Shareholders may examine the list of persons authorised to participate in the General Meeting, which will be displayed in the Management Board’s office for three business days preceding the date of the General Meeting, and may demand a copy of the list at their own expense. Moreover, each Shareholder may request the list of authorised shareholders to be sent by email free of charge, specifying an address to which the list should be sent.

The General Meeting may appoint an Election Committee consisting of up to three persons.

At the request of Shareholders representing at least one-tenth of share capital represented at a General Meeting, the Attendance List should be checked by a committee elected for this purpose and composed of at least three people.
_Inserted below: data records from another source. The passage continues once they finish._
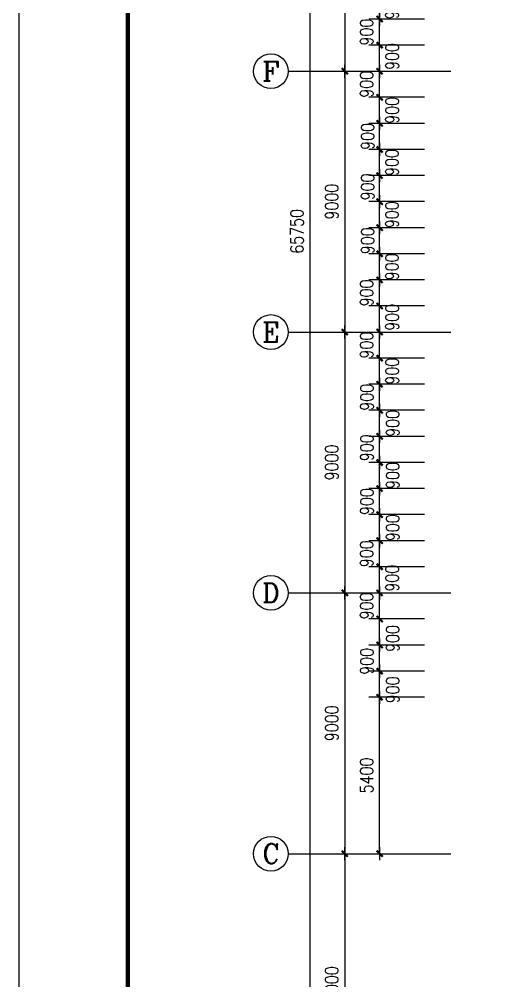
# Model space of a CAD drawing. Extents: x -55219 to 470149, y 494712 to 780039.
# Drawn here: x 209679 to 226496, y 612417 to 645594 of the extents above; entities that cross this region are included whole.
import ezdxf
from ezdxf.enums import TextEntityAlignment as Align

# ---------------------------------------------------------------- set-up
doc = ezdxf.new("R2010")
doc.units = 0
doc.header["$LTSCALE"] = 1500
doc.header["$MEASUREMENT"] = 0
doc.layers.get('0').update_dxf_attribs({"linetype": 'CONTINUOUS'})
doc.layers.get('DEFPOINTS').update_dxf_attribs({"linetype": 'CONTINUOUS'})
for name, color, linetype in [('AXIS', 3, 'CONTINUOUS'), ('AXIS_TEXT', 7, 'CONTINUOUS'), ('PUB_DIM', 3, 'CONTINUOUS'), ('PUB_TITLE', 4, 'CONTINUOUS')]:
    doc.layers.add(name, color=color, linetype=linetype)
doc.styles.add('COMPLEX', font='COMPLEX')
doc.styles.add('DIM_FONT', font='SIMPLEX.shx', dxfattribs={"width": 0.8})
doc.dimstyles.new('AXIS150', dxfattribs={"dimscale": 1.5, "dimtxt": 300, "dimasz": 1, "dimexe": 250, "dimexo": 300, "dimgap": 150, "dimtad": 1, "dimdec": 0, "dimzin": 0, "dimdsep": 46, "dimtxsty": 'DIM_FONT', "dimblk": '_DIMX', "dimcen": 0.09, "dimse1": 1, "dimse2": 1, "dimclrt": 7, "dimadec": 0, "dimazin": 0, "dimtfac": 1, "dimtdec": 0, "dimtix": 1, "dimtmove": 2, "dimatfit": 3, "dimldrblk": '_DIMX', "dimfxl": 1, "dimtolj": 1, "dimtzin": 0, "dimarcsym": 0})
doc.dimstyles.new('DIMA150', dxfattribs={"dimscale": 1.5, "dimtxt": 300, "dimasz": 1, "dimexe": 250, "dimexo": 300, "dimgap": 150, "dimtad": 1, "dimdec": 0, "dimzin": 0, "dimdsep": 46, "dimtxsty": 'DIM_FONT', "dimblk": '_DIMX', "dimcen": 0.09, "dimse1": 1, "dimclrt": 7, "dimadec": 0, "dimazin": 0, "dimtfac": 1, "dimtdec": 0, "dimtix": 1, "dimtmove": 2, "dimatfit": 3, "dimldrblk": '_DIMX', "dimfxl": 1, "dimtolj": 1, "dimtzin": 0, "dimarcsym": 0})
doc.dimstyles.new('DIMB150', dxfattribs={"dimscale": 1.5, "dimtxt": 300, "dimasz": 1, "dimexe": 250, "dimexo": 300, "dimgap": 150, "dimtad": 1, "dimdec": 0, "dimzin": 0, "dimdsep": 46, "dimtxsty": 'DIM_FONT', "dimblk": '_DIMX', "dimcen": 0.09, "dimse2": 1, "dimclrt": 7, "dimadec": 0, "dimazin": 0, "dimtfac": 1, "dimtdec": 0, "dimtix": 1, "dimtmove": 2, "dimatfit": 3, "dimldrblk": '_DIMX', "dimfxl": 1, "dimtolj": 1, "dimtzin": 0, "dimarcsym": 0})
doc.dimstyles.new('DIMN150', dxfattribs={"dimscale": 1.5, "dimtxt": 300, "dimasz": 1, "dimexe": 250, "dimexo": 300, "dimgap": 150, "dimtad": 1, "dimdec": 0, "dimzin": 0, "dimdsep": 46, "dimtxsty": 'DIM_FONT', "dimblk": '_DIMX', "dimcen": 0.09, "dimclrt": 7, "dimadec": 0, "dimazin": 0, "dimtfac": 1, "dimtdec": 0, "dimtix": 1, "dimtmove": 2, "dimatfit": 3, "dimldrblk": '_DIMX', "dimfxl": 1, "dimtolj": 1, "dimtzin": 0, "dimarcsym": 0})

# ---------------------------------------------------------------- blocks, each defined once
blk = doc.blocks.new('_AXISO')
blk.add_circle((0, 0), 0.5)
at = {"layer": 'AXIS_TEXT', "style": 'COMPLEX', "width": 1.041667}
blk.add_attdef('A', text='', height=0.56, dxfattribs=at).set_placement((-0.25, -0.28), (0.25, -0.28), align=Align.FIT)
blk = doc.blocks.new('_DIMX')
blk.add_line((-150, 0), (150, 0))
at = {"const_width": 50}
blk.add_lwpolyline([(-70, -70), (70, 70)], dxfattribs=at)
blk = doc.blocks.new('*D142')
at = {"color": 0, "linetype": 'ByBlock'}
blk.add_line((220910, 652799), (220910, 643802), dxfattribs=at)
at = {"layer": 'DEFPOINTS', "color": 0, "linetype": 'ByBlock'}
for p in [(224570, 652800), (220910, 643800), (224570, 643800)]:
    blk.add_point(p, dxfattribs=at)
at = {"color": 0, "linetype": 'ByBlock', "xscale": 1.5, "yscale": 1.5, "zscale": 1.5}
for p, rotation in [((220910, 652800), 90), ((220910, 643800), 270)]:
    blk.add_blockref('_DIMX', p, dxfattribs=dict(at, rotation=rotation))
at = {"color": 7, "linetype": 'ByBlock', "insert": (220460, 648300), "char_height": 450, "attachment_point": 5, "rotation": 90, "style": 'DIM_FONT'}
blk.add_mtext('\\A1;9000', dxfattribs=at)
blk = doc.blocks.new('*D143')
at = {"color": 0, "linetype": 'ByBlock'}
blk.add_line((220910, 643799), (220910, 634802), dxfattribs=at)
at = {"layer": 'DEFPOINTS', "color": 0, "linetype": 'ByBlock'}
for p in [(224570, 643800), (220910, 634800), (224570, 634800)]:
    blk.add_point(p, dxfattribs=at)
at = {"color": 0, "linetype": 'ByBlock', "xscale": 1.5, "yscale": 1.5, "zscale": 1.5}
for p, rotation in [((220910, 643800), 90), ((220910, 634800), 270)]:
    blk.add_blockref('_DIMX', p, dxfattribs=dict(at, rotation=rotation))
at = {"color": 7, "linetype": 'ByBlock', "insert": (220460, 639300), "char_height": 450, "attachment_point": 5, "rotation": 90, "style": 'DIM_FONT'}
blk.add_mtext('\\A1;9000', dxfattribs=at)
blk = doc.blocks.new('*D144')
at = {"color": 0, "linetype": 'ByBlock'}
blk.add_line((220910, 634799), (220910, 625802), dxfattribs=at)
at = {"layer": 'DEFPOINTS', "color": 0, "linetype": 'ByBlock'}
for p in [(224570, 634800), (220910, 625800), (224570, 625800)]:
    blk.add_point(p, dxfattribs=at)
at = {"color": 0, "linetype": 'ByBlock', "xscale": 1.5, "yscale": 1.5, "zscale": 1.5}
for p, rotation in [((220910, 634800), 90), ((220910, 625800), 270)]:
    blk.add_blockref('_DIMX', p, dxfattribs=dict(at, rotation=rotation))
at = {"color": 7, "linetype": 'ByBlock', "insert": (220460, 630300), "char_height": 450, "attachment_point": 5, "rotation": 90, "style": 'DIM_FONT'}
blk.add_mtext('\\A1;9000', dxfattribs=at)
blk = doc.blocks.new('*D145')
at = {"color": 0, "linetype": 'ByBlock'}
blk.add_line((220910, 625799), (220910, 616802), dxfattribs=at)
at = {"layer": 'DEFPOINTS', "color": 0, "linetype": 'ByBlock'}
for p in [(224570, 625800), (220910, 616800), (224570, 616800)]:
    blk.add_point(p, dxfattribs=at)
at = {"color": 0, "linetype": 'ByBlock', "xscale": 1.5, "yscale": 1.5, "zscale": 1.5}
for p, rotation in [((220910, 625800), 90), ((220910, 616800), 270)]:
    blk.add_blockref('_DIMX', p, dxfattribs=dict(at, rotation=rotation))
at = {"color": 7, "linetype": 'ByBlock', "insert": (220460, 621300), "char_height": 450, "attachment_point": 5, "rotation": 90, "style": 'DIM_FONT'}
blk.add_mtext('\\A1;9000', dxfattribs=at)
blk = doc.blocks.new('*D146')
at = {"color": 0, "linetype": 'ByBlock'}
for p, q in [((223657, 671149), (219333, 671149)), ((219708, 671147), (219708, 605400)), ((223657, 605399), (219333, 605399))]:
    blk.add_line(p, q, dxfattribs=at)
at = {"layer": 'DEFPOINTS', "color": 0, "linetype": 'ByBlock'}
for p in [(224107, 671149), (219708, 605399), (224107, 605399)]:
    blk.add_point(p, dxfattribs=at)
at = {"color": 0, "linetype": 'ByBlock', "xscale": 1.5, "yscale": 1.5, "zscale": 1.5}
for p, rotation in [((219708, 671149), 90), ((219708, 605399), 270)]:
    blk.add_blockref('_DIMX', p, dxfattribs=dict(at, rotation=rotation))
at = {"color": 7, "linetype": 'ByBlock', "insert": (219258, 638274), "char_height": 450, "attachment_point": 5, "rotation": 90, "style": 'DIM_FONT'}
blk.add_mtext('\\A1;65750', dxfattribs=at)
blk = doc.blocks.new('*D148')
at = {"color": 0, "linetype": 'ByBlock'}
blk.add_line((220910, 616799), (220910, 607802), dxfattribs=at)
at = {"layer": 'DEFPOINTS', "color": 0, "linetype": 'ByBlock'}
for p in [(224570, 616800), (220910, 607800), (224570, 607800)]:
    blk.add_point(p, dxfattribs=at)
at = {"color": 0, "linetype": 'ByBlock', "xscale": 1.5, "yscale": 1.5, "zscale": 1.5}
for p, rotation in [((220910, 616800), 90), ((220910, 607800), 270)]:
    blk.add_blockref('_DIMX', p, dxfattribs=dict(at, rotation=rotation))
at = {"color": 7, "linetype": 'ByBlock', "insert": (220460, 612300), "char_height": 450, "attachment_point": 5, "rotation": 90, "style": 'DIM_FONT'}
blk.add_mtext('\\A1;9000', dxfattribs=at)
blk = doc.blocks.new('*D392')
at = {"color": 0, "linetype": 'ByBlock'}
for p, q in [((223659, 622200), (221735, 622200)), ((222110, 616802), (222110, 622199))]:
    blk.add_line(p, q, dxfattribs=at)
at = {"layer": 'DEFPOINTS', "color": 0, "linetype": 'ByBlock'}
for p in [(222110, 622200), (224109, 622200), (224109, 616800)]:
    blk.add_point(p, dxfattribs=at)
at = {"color": 0, "linetype": 'ByBlock', "xscale": 1.5, "yscale": 1.5, "zscale": 1.5}
for p, rotation in [((222110, 622200), 90), ((222110, 616800), 270)]:
    blk.add_blockref('_DIMX', p, dxfattribs=dict(at, rotation=rotation))
at = {"color": 7, "linetype": 'ByBlock', "insert": (221660, 619500), "char_height": 450, "attachment_point": 5, "rotation": 90, "style": 'DIM_FONT'}
blk.add_mtext('\\A1;5400', dxfattribs=at)
blk = doc.blocks.new('*D393')
at = {"color": 0, "linetype": 'ByBlock'}
for p, q in [((223659, 623100), (221735, 623100)), ((222110, 622202), (222110, 623099)), ((223659, 622200), (221735, 622200))]:
    blk.add_line(p, q, dxfattribs=at)
at = {"layer": 'DEFPOINTS', "color": 0, "linetype": 'ByBlock'}
for p in [(222110, 623100), (224109, 623100), (224109, 622200)]:
    blk.add_point(p, dxfattribs=at)
at = {"color": 0, "linetype": 'ByBlock', "xscale": 1.5, "yscale": 1.5, "zscale": 1.5}
for p, rotation in [((222110, 623100), 90), ((222110, 622200), 270)]:
    blk.add_blockref('_DIMX', p, dxfattribs=dict(at, rotation=rotation))
at = {"color": 7, "linetype": 'ByBlock', "insert": (222559, 622453), "char_height": 450, "attachment_point": 5, "rotation": 90, "style": 'DIM_FONT'}
blk.add_mtext('\\A1;900', dxfattribs=at)
blk = doc.blocks.new('*D394')
at = {"color": 0, "linetype": 'ByBlock'}
for p, q in [((223659, 624000), (221735, 624000)), ((222110, 623102), (222110, 623999)), ((223659, 623100), (221735, 623100))]:
    blk.add_line(p, q, dxfattribs=at)
at = {"layer": 'DEFPOINTS', "color": 0, "linetype": 'ByBlock'}
for p in [(222110, 624000), (224109, 624000), (224109, 623100)]:
    blk.add_point(p, dxfattribs=at)
at = {"color": 0, "linetype": 'ByBlock', "xscale": 1.5, "yscale": 1.5, "zscale": 1.5}
for p, rotation in [((222110, 624000), 90), ((222110, 623100), 270)]:
    blk.add_blockref('_DIMX', p, dxfattribs=dict(at, rotation=rotation))
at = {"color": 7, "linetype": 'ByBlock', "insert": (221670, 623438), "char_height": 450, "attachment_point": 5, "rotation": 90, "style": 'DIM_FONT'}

The persons filing such motion will have the right to elect one member of that committee.

Each participant of a General Meeting may submit one candidate to become the General Meeting Chairperson. Election is carried out with the participation of candidates who gave their consent for being candidates.

A Shareholder has the right to vote in a different manner under each share held. Votes are cast in an open ballot. Secret balloting is ordered for elections, dismissals, in personal matters and on the motions to charge Members of governing bodies or liquidators with accountability. Secret balloting should be also ordered at the request of at least one Shareholder in attendance.

A Shareholder may vote as a proxy when adopting resolutions concerning him/her, as mentioned in art. 413 § 1 of the Commercial Companies Code.